SUPPLIED DATA:
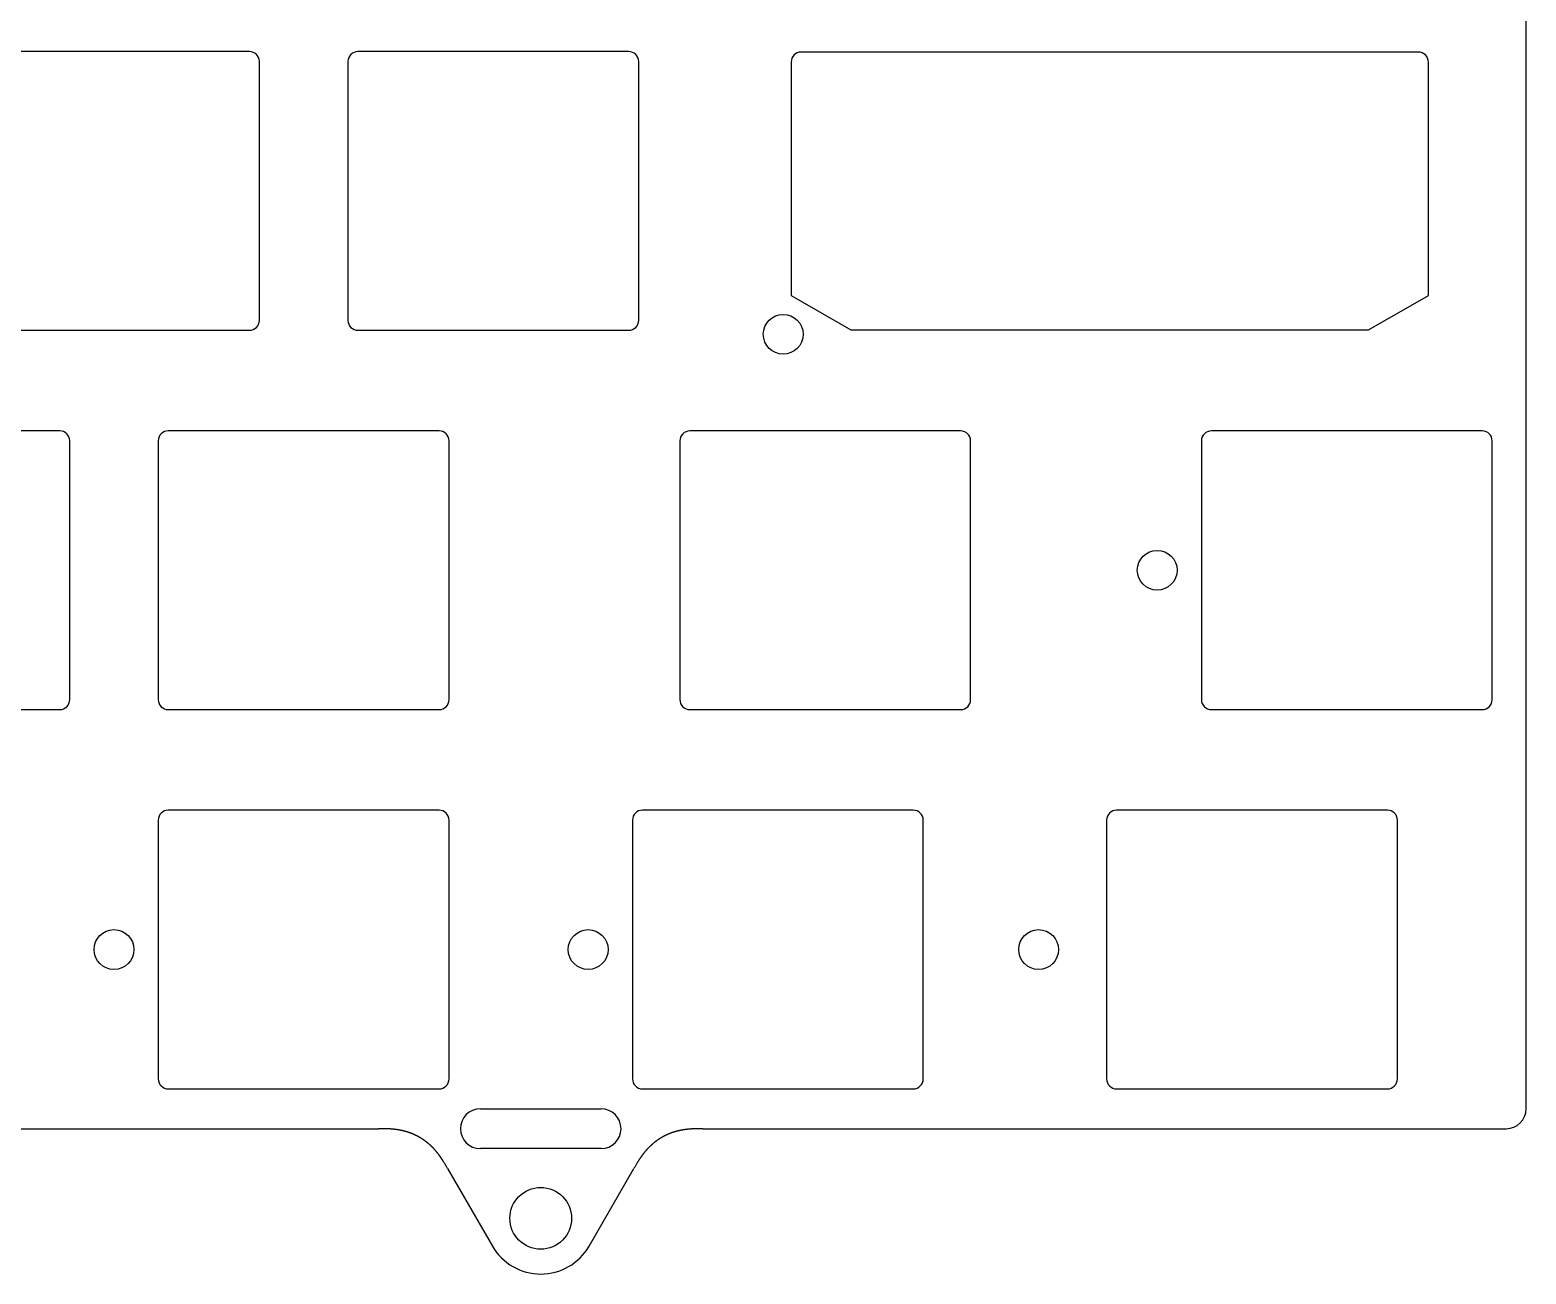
# Model space of a CAD drawing. Header units: millimetres. Extents: x -9 to 276, y -92 to 16.
# Drawn here: x 200.6 to 275.7, y -92.5 to -30 of the extents above; entities that cross this region are included whole.
import ezdxf

# ---------------------------------------------------------------- set-up
doc = ezdxf.new("R2010")
doc.units = ezdxf.units.MM
doc.layers.get('0').update_dxf_attribs({"linetype": 'CONTINUOUS'})
doc.layers.add('BLACK', color=7, linetype='CONTINUOUS')
doc.layers.add('Edge.Cuts', color=53, linetype='CONTINUOUS', true_color=0xc8a339)

msp = doc.modelspace()

# ---------------------------------------------------------------- linework, layer by layer
msp.add_lwpolyline([(238.79375, -31.625), (238.79375, -43.343), (241.79375, -45.075), (267.79375, -45.075), (270.79375, -43.343), (270.79375, -31.625, 0.414213562), (270.29375, -31.125), (239.29375, -31.125, 0.414212391)], format="xyb", close=True)
msp.add_circle((238.39375, -45.3), 1)
at = {"layer": 'BLACK', "linetype": 'Continuous'}
for p, q in [((247.306162, -50.152051), (233.70625, -50.152051)), ((273.497462, -50.152003), (259.897462, -50.152003)), ((233.20625, -50.652003), (233.20625, -63.652051)), ((247.80625, -63.651903), (247.80625, -50.644041)), ((259.397462, -50.652003), (259.397462, -63.652003)), ((273.997462, -63.652003), (273.997462, -50.652003)), ((233.706262, -64.152051), (247.312407, -64.152051)), ((259.897462, -64.152003), (273.497462, -64.152003))]:
    msp.add_line(p, q, dxfattribs=at)
at = {"layer": 'BLACK'}
msp.add_circle((257.175, -57.15), 1, dxfattribs=at)
for centre, radius, start, end in [((233.706162, -50.652003), 0.499912, 89.98991497, 180), ((247.306162, -50.652203), 0.500152, 0.9350487, 90), ((259.897462, -50.652003), 0.5, 90, 180), ((273.497462, -50.652003), 0.5, 0, 90), ((233.706262, -63.652103), 0.499948, 179.99404138, 270), ((247.306062, -63.651903), 0.500188, 270.7268293, 0), ((259.897462, -63.652003), 0.5, 180, 270), ((273.497462, -63.652003), 0.5, 270, 0)]:
    msp.add_arc(centre, radius, start, end, dxfattribs=at)
at = {"layer": 'Edge.Cuts', "linetype": 'CONTINUOUS'}
for p, q in [((275.7, -84.2), (275.7, 8)), ((211.5875, -31.1), (197.9875, -31.1)), ((230.6375, -31.1), (217.0375, -31.1)), ((212.0875, -44.6), (212.0875, -31.6)), ((216.5375, -31.6), (216.5375, -44.6)), ((231.1375, -44.6), (231.1375, -31.6)), ((197.9875, -45.1), (211.5875, -45.1)), ((217.0375, -45.1), (230.6375, -45.1)), ((202.0625, -50.15), (188.4625, -50.15)), ((221.1125, -50.15), (207.5125, -50.15)), ((202.5625, -63.65), (202.5625, -50.65)), ((207.0125, -50.65), (207.0125, -63.65)), ((221.6125, -63.65), (221.6125, -50.65)), ((188.4625, -64.15), (202.0625, -64.15)), ((207.5125, -64.15), (221.1125, -64.15)), ((223.187512, -84.2), (229.249987, -84.2)), ((48.621888, -85.2), (218.078111, -85.2)), ((218.111017, -85.200003), (218.078111, -85.2)), ((218.159048, -85.200038), (218.111017, -85.200003)), ((218.198783, -85.200126), (218.159048, -85.200038)), ((218.23404, -85.200269), (218.198783, -85.200126)), ((218.266374, -85.20047), (218.23404, -85.200269)), ((218.2966, -85.20073), (218.266374, -85.20047)), ((218.32521, -85.201049), (218.2966, -85.20073)), ((218.352526, -85.201427), (218.32521, -85.201049)), ((218.378777, -85.201866), (218.352526, -85.201427)), ((218.404127, -85.202365), (218.378777, -85.201866)), ((218.428705, -85.202926), (218.404127, -85.202365)), ((218.452609, -85.203547), (218.428705, -85.202926)), ((218.475919, -85.20423), (218.452609, -85.203547)), ((218.498699, -85.204974), (218.475919, -85.20423)), ((218.521003, -85.20578), (218.498699, -85.204974)), ((218.542877, -85.206648), (218.521003, -85.20578)), ((218.564358, -85.207578), (218.542877, -85.206648)), ((218.585479, -85.20857), (218.564358, -85.207578)), ((218.60627, -85.209625), (218.585479, -85.20857)), ((218.626755, -85.210742), (218.60627, -85.209625)), ((218.646956, -85.211922), (218.626755, -85.210742)), ((218.666893, -85.213165), (218.646956, -85.211922)), ((218.686583, -85.214471), (218.666893, -85.213165)), ((218.706042, -85.21584), (218.686583, -85.214471)), ((218.725284, -85.217273), (218.706042, -85.21584)), ((218.744321, -85.218769), (218.725284, -85.217273)), ((218.763165, -85.220329), (218.744321, -85.218769)), ((218.781827, -85.221952), (218.763165, -85.220329)), ((218.800315, -85.22364), (218.781827, -85.221952)), ((218.81864, -85.225392), (218.800315, -85.22364)), ((218.83681, -85.227208), (218.81864, -85.225392)), ((218.854831, -85.229088), (218.83681, -85.227208)), ((218.87271, -85.231033), (218.854831, -85.229088)), ((218.890455, -85.233043), (218.87271, -85.231033)), ((218.908071, -85.235118), (218.890455, -85.233043)), ((218.925564, -85.237258), (218.908071, -85.235118)), ((218.94294, -85.239463), (218.925564, -85.237258)), ((218.960202, -85.241733), (218.94294, -85.239463)), ((218.977356, -85.244069), (218.960202, -85.241733)), ((218.994406, -85.246471), (218.977356, -85.244069)), ((219.011357, -85.248938), (218.994406, -85.246471)), ((219.028211, -85.251472), (219.011357, -85.248938)), ((219.044973, -85.254072), (219.028211, -85.251472)), ((219.061646, -85.256738), (219.044973, -85.254072)), ((219.078234, -85.259471), (219.061646, -85.256738)), ((219.094739, -85.26227), (219.078234, -85.259471)), ((219.111164, -85.265137), (219.094739, -85.26227)), ((219.127513, -85.268071), (219.111164, -85.265137)), ((219.143788, -85.271072), (219.127513, -85.268071)), ((219.159992, -85.27414), (219.143788, -85.271072)), ((219.176126, -85.277276), (219.159992, -85.27414)), ((219.192194, -85.28048), (219.176126, -85.277276)), ((219.208197, -85.283753), (219.192194, -85.28048)), ((219.224138, -85.287093), (219.208197, -85.283753)), ((219.240019, -85.290503), (219.224138, -85.287093)), ((219.255841, -85.29398), (219.240019, -85.290503)), ((219.271607, -85.297527), (219.255841, -85.29398)), ((219.287319, -85.301143), (219.271607, -85.297527)), ((219.302977, -85.304829), (219.287319, -85.301143)), ((219.318584, -85.308584), (219.302977, -85.304829)), ((219.334142, -85.312409), (219.318584, -85.308584)), ((219.349652, -85.316304), (219.334142, -85.312409)), ((219.365115, -85.32027), (219.349652, -85.316304)), ((219.380534, -85.324306), (219.365115, -85.32027)), ((219.395908, -85.328413), (219.380534, -85.324306)), ((219.411241, -85.332591), (219.395908, -85.328413)), ((219.426532, -85.33684), (219.411241, -85.332591)), ((219.441784, -85.341161), (219.426532, -85.33684)), ((219.456997, -85.345554), (219.441784, -85.341161)), ((219.472174, -85.350019), (219.456997, -85.345554)), ((219.487314, -85.354557), (219.472174, -85.350019)), ((219.502419, -85.359167), (219.487314, -85.354557)), ((219.51749, -85.36385), (219.502419, -85.359167)), ((219.518144, -85.364055), (219.51749, -85.36385)), ((219.525681, -85.36643), (219.518144, -85.364055)), ((219.53321, -85.368824), (219.525681, -85.36643)), ((219.540731, -85.371236), (219.53321, -85.368824)), ((219.548244, -85.373666), (219.540731, -85.371236)), ((219.555749, -85.376115), (219.548244, -85.373666)), ((219.563246, -85.378583), (219.555749, -85.376115)), ((219.570736, -85.381069), (219.563246, -85.378583)), ((219.578217, -85.383573), (219.570736, -85.381069)), ((219.58569, -85.386095), (219.578217, -85.383573)), ((219.593155, -85.388636), (219.58569, -85.386095)), ((219.600612, -85.391196), (219.593155, -85.388636)), ((219.60806, -85.393773), (219.600612, -85.391196)), ((219.615501, -85.396369), (219.60806, -85.393773)), ((219.622933, -85.398984), (219.615501, -85.396369)), ((219.630358, -85.401617), (219.622933, -85.398984)), ((219.637774, -85.404268), (219.630358, -85.401617)), ((219.645182, -85.406937), (219.637774, -85.404268)), ((219.652581, -85.409624), (219.645182, -85.406937)), ((219.659972, -85.41233), (219.652581, -85.409624)), ((219.667355, -85.415054), (219.659972, -85.41233)), ((219.67473, -85.417797), (219.667355, -85.415054)), ((219.682096, -85.420557), (219.67473, -85.417797)), ((219.689454, -85.423336), (219.682096, -85.420557)), ((219.696803, -85.426133), (219.689454, -85.423336)), ((219.704144, -85.428948), (219.696803, -85.426133)), ((219.711477, -85.431781), (219.704144, -85.428948)), ((219.718801, -85.434633), (219.711477, -85.431781)), ((219.726116, -85.437503), (219.718801, -85.434633)), ((219.733423, -85.44039), (219.726116, -85.437503)), ((219.740722, -85.443296), (219.733423, -85.44039)), ((219.748012, -85.44622), (219.740722, -85.443296)), ((219.755293, -85.449162), (219.748012, -85.44622)), ((219.762565, -85.452123), (219.755293, -85.449162)), ((219.769829, -85.455101), (219.762565, -85.452123)), ((219.777085, -85.458097), (219.769829, -85.455101)), ((219.784331, -85.461111), (219.777085, -85.458097)), ((219.791569, -85.464144), (219.784331, -85.461111)), ((219.798798, -85.467194), (219.791569, -85.464144)), ((219.806018, -85.470263), (219.798798, -85.467194)), ((219.81323, -85.473349), (219.806018, -85.470263)), ((219.820433, -85.476453), (219.81323, -85.473349)), ((219.827626, -85.479576), (219.820433, -85.476453)), ((219.834812, -85.482716), (219.827626, -85.479576)), ((219.841988, -85.485874), (219.834812, -85.482716)), ((219.849155, -85.48905), (219.841988, -85.485874)), ((219.856313, -85.492244), (219.849155, -85.48905)), ((219.863462, -85.495456), (219.856313, -85.492244)), ((219.870602, -85.498686), (219.863462, -85.495456)), ((219.877734, -85.501934), (219.870602, -85.498686)), ((219.884856, -85.5052), (219.877734, -85.501934)), ((219.891969, -85.508483), (219.884856, -85.5052)), ((219.899073, -85.511784), (219.891969, -85.508483)), ((219.906168, -85.515103), (219.899073, -85.511784)), ((219.913254, -85.51844), (219.906168, -85.515103)), ((219.920331, -85.521795), (219.913254, -85.51844)), ((219.927398, -85.525167), (219.920331, -85.521795)), ((219.934456, -85.528558), (219.927398, -85.525167)), ((219.941505, -85.531966), (219.934456, -85.528558)), ((219.948545, -85.535391), (219.941505, -85.531966)), ((219.955575, -85.538835), (219.948545, -85.535391)), ((219.962597, -85.542296), (219.955575, -85.538835)), ((219.969608, -85.545775), (219.962597, -85.542296)), ((219.976611, -85.549271), (219.969608, -85.545775)), ((219.983604, -85.552786), (219.976611, -85.549271)), ((219.990588, -85.556317), (219.983604, -85.552786)), ((219.997562, -85.559867), (219.990588, -85.556317)), ((220.004527, -85.563434), (219.997562, -85.559867)), ((220.011482, -85.567019), (220.004527, -85.563434)), ((220.018428, -85.570621), (220.011482, -85.567019)), ((220.025364, -85.574241), (220.018428, -85.570621)), ((220.032291, -85.577879), (220.025364, -85.574241)), ((220.039208, -85.581534), (220.032291, -85.577879)), ((220.046116, -85.585206), (220.039208, -85.581534)), ((220.053014, -85.588897), (220.046116, -85.585206)), ((220.059902, -85.592604), (220.053014, -85.588897)), ((220.066781, -85.596329), (220.059902, -85.592604)), ((220.07365, -85.600072), (220.066781, -85.596329)), ((220.080509, -85.603832), (220.07365, -85.600072)), ((220.087359, -85.60761), (220.080509, -85.603832)), ((220.094198, -85.611405), (220.087359, -85.60761)), ((220.101028, -85.615218), (220.094198, -85.611405)), ((220.107848, -85.619048), (220.101028, -85.615218)), ((220.114659, -85.622895), (220.107848, -85.619048)), ((220.121459, -85.62676), (220.114659, -85.622895)), ((220.12825, -85.630642), (220.121459, -85.62676)), ((220.13503, -85.634542), (220.12825, -85.630642)), ((220.141801, -85.638459), (220.13503, -85.634542)), ((220.148562, -85.642393), (220.141801, -85.638459)), ((220.155313, -85.646344), (220.148562, -85.642393)), ((220.162053, -85.650313), (220.155313, -85.646344)), ((220.168784, -85.654299), (220.162053, -85.650313)), ((232.273061, -85.65172), (232.266334, -85.655711)), ((232.279798, -85.647745), (232.273061, -85.65172)), ((232.286546, -85.643788), (232.279798, -85.647745)), ((232.293303, -85.639849), (232.286546, -85.643788)), ((232.30007, -85.635926), (232.293303, -85.639849)), ((232.306848, -85.632021), (232.30007, -85.635926)), ((232.313635, -85.628133), (232.306848, -85.632021)), ((232.320433, -85.624263), (232.313635, -85.628133)), ((232.32724, -85.62041), (232.320433, -85.624263)), ((232.334058, -85.616574), (232.32724, -85.62041)), ((232.340885, -85.612755), (232.334058, -85.616574)), ((232.347723, -85.608954), (232.340885, -85.612755)), ((232.35457, -85.60517), (232.347723, -85.608954)), ((232.361427, -85.601404), (232.35457, -85.60517)), ((232.368294, -85.597655), (232.361427, -85.601404)), ((232.375171, -85.593923), (232.368294, -85.597655)), ((232.382058, -85.590209), (232.375171, -85.593923)), ((232.388954, -85.586512), (232.382058, -85.590209)), ((232.39586, -85.582833), (232.388954, -85.586512)), ((232.402776, -85.579172), (232.39586, -85.582833)), ((232.409702, -85.575527), (232.402776, -85.579172)), ((232.416637, -85.571901), (232.409702, -85.575527)), ((232.423582, -85.568291), (232.416637, -85.571901)), ((232.430537, -85.5647), (232.423582, -85.568291)), ((232.437501, -85.561126), (232.430537, -85.5647)), ((232.444475, -85.557569), (232.437501, -85.561126)), ((232.451458, -85.55403), (232.444475, -85.557569)), ((232.458451, -85.550509), (232.451458, -85.55403)), ((232.465453, -85.547005), (232.458451, -85.550509)), ((232.472465, -85.543519), (232.465453, -85.547005)), ((232.479486, -85.54005), (232.472465, -85.543519)), ((232.486517, -85.536599), (232.479486, -85.54005)), ((232.493557, -85.533166), (232.486517, -85.536599)), ((232.500607, -85.529751), (232.493557, -85.533166)), ((232.507666, -85.526353), (232.500607, -85.529751)), ((232.514734, -85.522973), (232.507666, -85.526353)), ((232.521811, -85.51961), (232.514734, -85.522973)), ((232.528898, -85.516265), (232.521811, -85.51961)), ((232.535995, -85.512938), (232.528898, -85.516265)), ((232.5431, -85.509629), (232.535995, -85.512938)), ((232.550214, -85.506338), (232.5431, -85.509629)), ((232.557338, -85.503064), (232.550214, -85.506338)), ((232.564471, -85.499808), (232.557338, -85.503064)), ((232.571613, -85.49657), (232.564471, -85.499808)), ((232.578765, -85.49335), (232.571613, -85.49657)), ((232.585925, -85.490148), (232.578765, -85.49335)), ((232.593094, -85.486963), (232.585925, -85.490148)), ((232.600273, -85.483796), (232.593094, -85.486963)), ((232.60746, -85.480648), (232.600273, -85.483796)), ((232.614657, -85.477517), (232.60746, -85.480648)), ((232.621862, -85.474404), (232.614657, -85.477517)), ((232.629077, -85.471309), (232.621862, -85.474404)), ((232.6363, -85.468231), (232.629077, -85.471309)), ((232.643532, -85.465172), (232.6363, -85.468231)), ((232.650773, -85.462131), (232.643532, -85.465172)), ((232.658023, -85.459108), (232.650773, -85.462131)), ((232.665282, -85.456103), (232.658023, -85.459108)), ((232.67255, -85.453115), (232.665282, -85.456103)), ((232.679826, -85.450146), (232.67255, -85.453115)), ((232.687111, -85.447195), (232.679826, -85.450146)), ((232.694405, -85.444262), (232.687111, -85.447195)), ((232.701708, -85.441347), (232.694405, -85.444262)), ((232.709019, -85.43845), (232.701708, -85.441347)), ((232.716339, -85.435571), (232.709019, -85.43845)), ((232.723668, -85.43271), (232.716339, -85.435571)), ((232.731005, -85.429867), (232.723668, -85.43271)), ((232.73835, -85.427042), (232.731005, -85.429867)), ((232.745705, -85.424236), (232.73835, -85.427042)), ((232.753068, -85.421448), (232.745705, -85.424236)), ((232.760439, -85.418677), (232.753068, -85.421448)), ((232.767819, -85.415925), (232.760439, -85.418677)), ((232.775207, -85.413192), (232.767819, -85.415925)), ((232.782604, -85.410476), (232.775207, -85.413192)), ((232.796086, -85.405581), (232.782604, -85.410476)), ((232.809551, -85.400763), (232.796086, -85.405581)), ((232.823, -85.396021), (232.809551, -85.400763)), ((232.836433, -85.391354), (232.823, -85.396021)), ((232.84985, -85.386762), (232.836433, -85.391354)), ((232.863251, -85.382244), (232.84985, -85.386762)), ((232.876635, -85.377799), (232.863251, -85.382244)), ((232.890002, -85.373427), (232.876635, -85.377799)), ((232.903354, -85.369127), (232.890002, -85.373427)), ((232.916688, -85.364899), (232.903354, -85.369127)), ((232.930006, -85.360742), (232.916688, -85.364899)), ((232.943308, -85.356656), (232.930006, -85.360742)), ((232.956593, -85.352639), (232.943308, -85.356656)), ((232.969861, -85.348692), (232.956593, -85.352639)), ((232.983112, -85.344813), (232.969861, -85.348692)), ((232.996346, -85.341002), (232.983112, -85.344813)), ((233.009564, -85.337259), (232.996346, -85.341002)), ((233.022764, -85.333583), (233.009564, -85.337259)), ((233.035948, -85.329973), (233.022764, -85.333583)), ((233.049114, -85.326428), (233.035948, -85.329973)), ((233.062263, -85.322949), (233.049114, -85.326428)), ((233.075396, -85.319534), (233.062263, -85.322949)), ((233.088511, -85.316182), (233.075396, -85.319534)), ((233.101608, -85.312894), (233.088511, -85.316182)), ((233.114689, -85.309669), (233.101608, -85.312894)), ((233.127752, -85.306506), (233.114689, -85.309669)), ((233.140797, -85.303404), (233.127752, -85.306506)), ((233.153825, -85.300363), (233.140797, -85.303404)), ((233.166836, -85.297382), (233.153825, -85.300363)), ((233.179829, -85.294461), (233.166836, -85.297382)), ((233.192804, -85.291598), (233.179829, -85.294461)), ((233.205762, -85.288795), (233.192804, -85.291598)), ((233.218702, -85.286049), (233.205762, -85.288795)), ((233.231624, -85.28336), (233.218702, -85.286049)), ((233.244528, -85.280728), (233.231624, -85.28336)), ((233.257415, -85.278151), (233.244528, -85.280728)), ((233.270283, -85.27563), (233.257415, -85.278151)), ((233.283133, -85.273164), (233.270283, -85.27563)), ((233.295966, -85.270753), (233.283133, -85.273164)), ((233.30878, -85.268394), (233.295966, -85.270753)), ((233.321576, -85.266089), (233.30878, -85.268394)), ((233.334354, -85.263836), (233.321576, -85.266089)), ((233.347114, -85.261635), (233.334354, -85.263836)), ((233.359855, -85.259485), (233.347114, -85.261635)), ((233.372578, -85.257386), (233.359855, -85.259485)), ((233.385283, -85.255337), (233.372578, -85.257386)), ((233.397969, -85.253337), (233.385283, -85.255337)), ((233.410637, -85.251386), (233.397969, -85.253337)), ((233.423286, -85.249483), (233.410637, -85.251386)), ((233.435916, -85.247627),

PROBLEM DETAILS: Only lines of the data holding the word "Edge" go in the answer. Please copy each of them.

WRITTEN REPLY:
doc.layers.add('Edge.Cuts', color=53, linetype='CONTINUOUS', true_color=0xc8a339)
at = {"layer": 'Edge.Cuts', "linetype": 'CONTINUOUS'}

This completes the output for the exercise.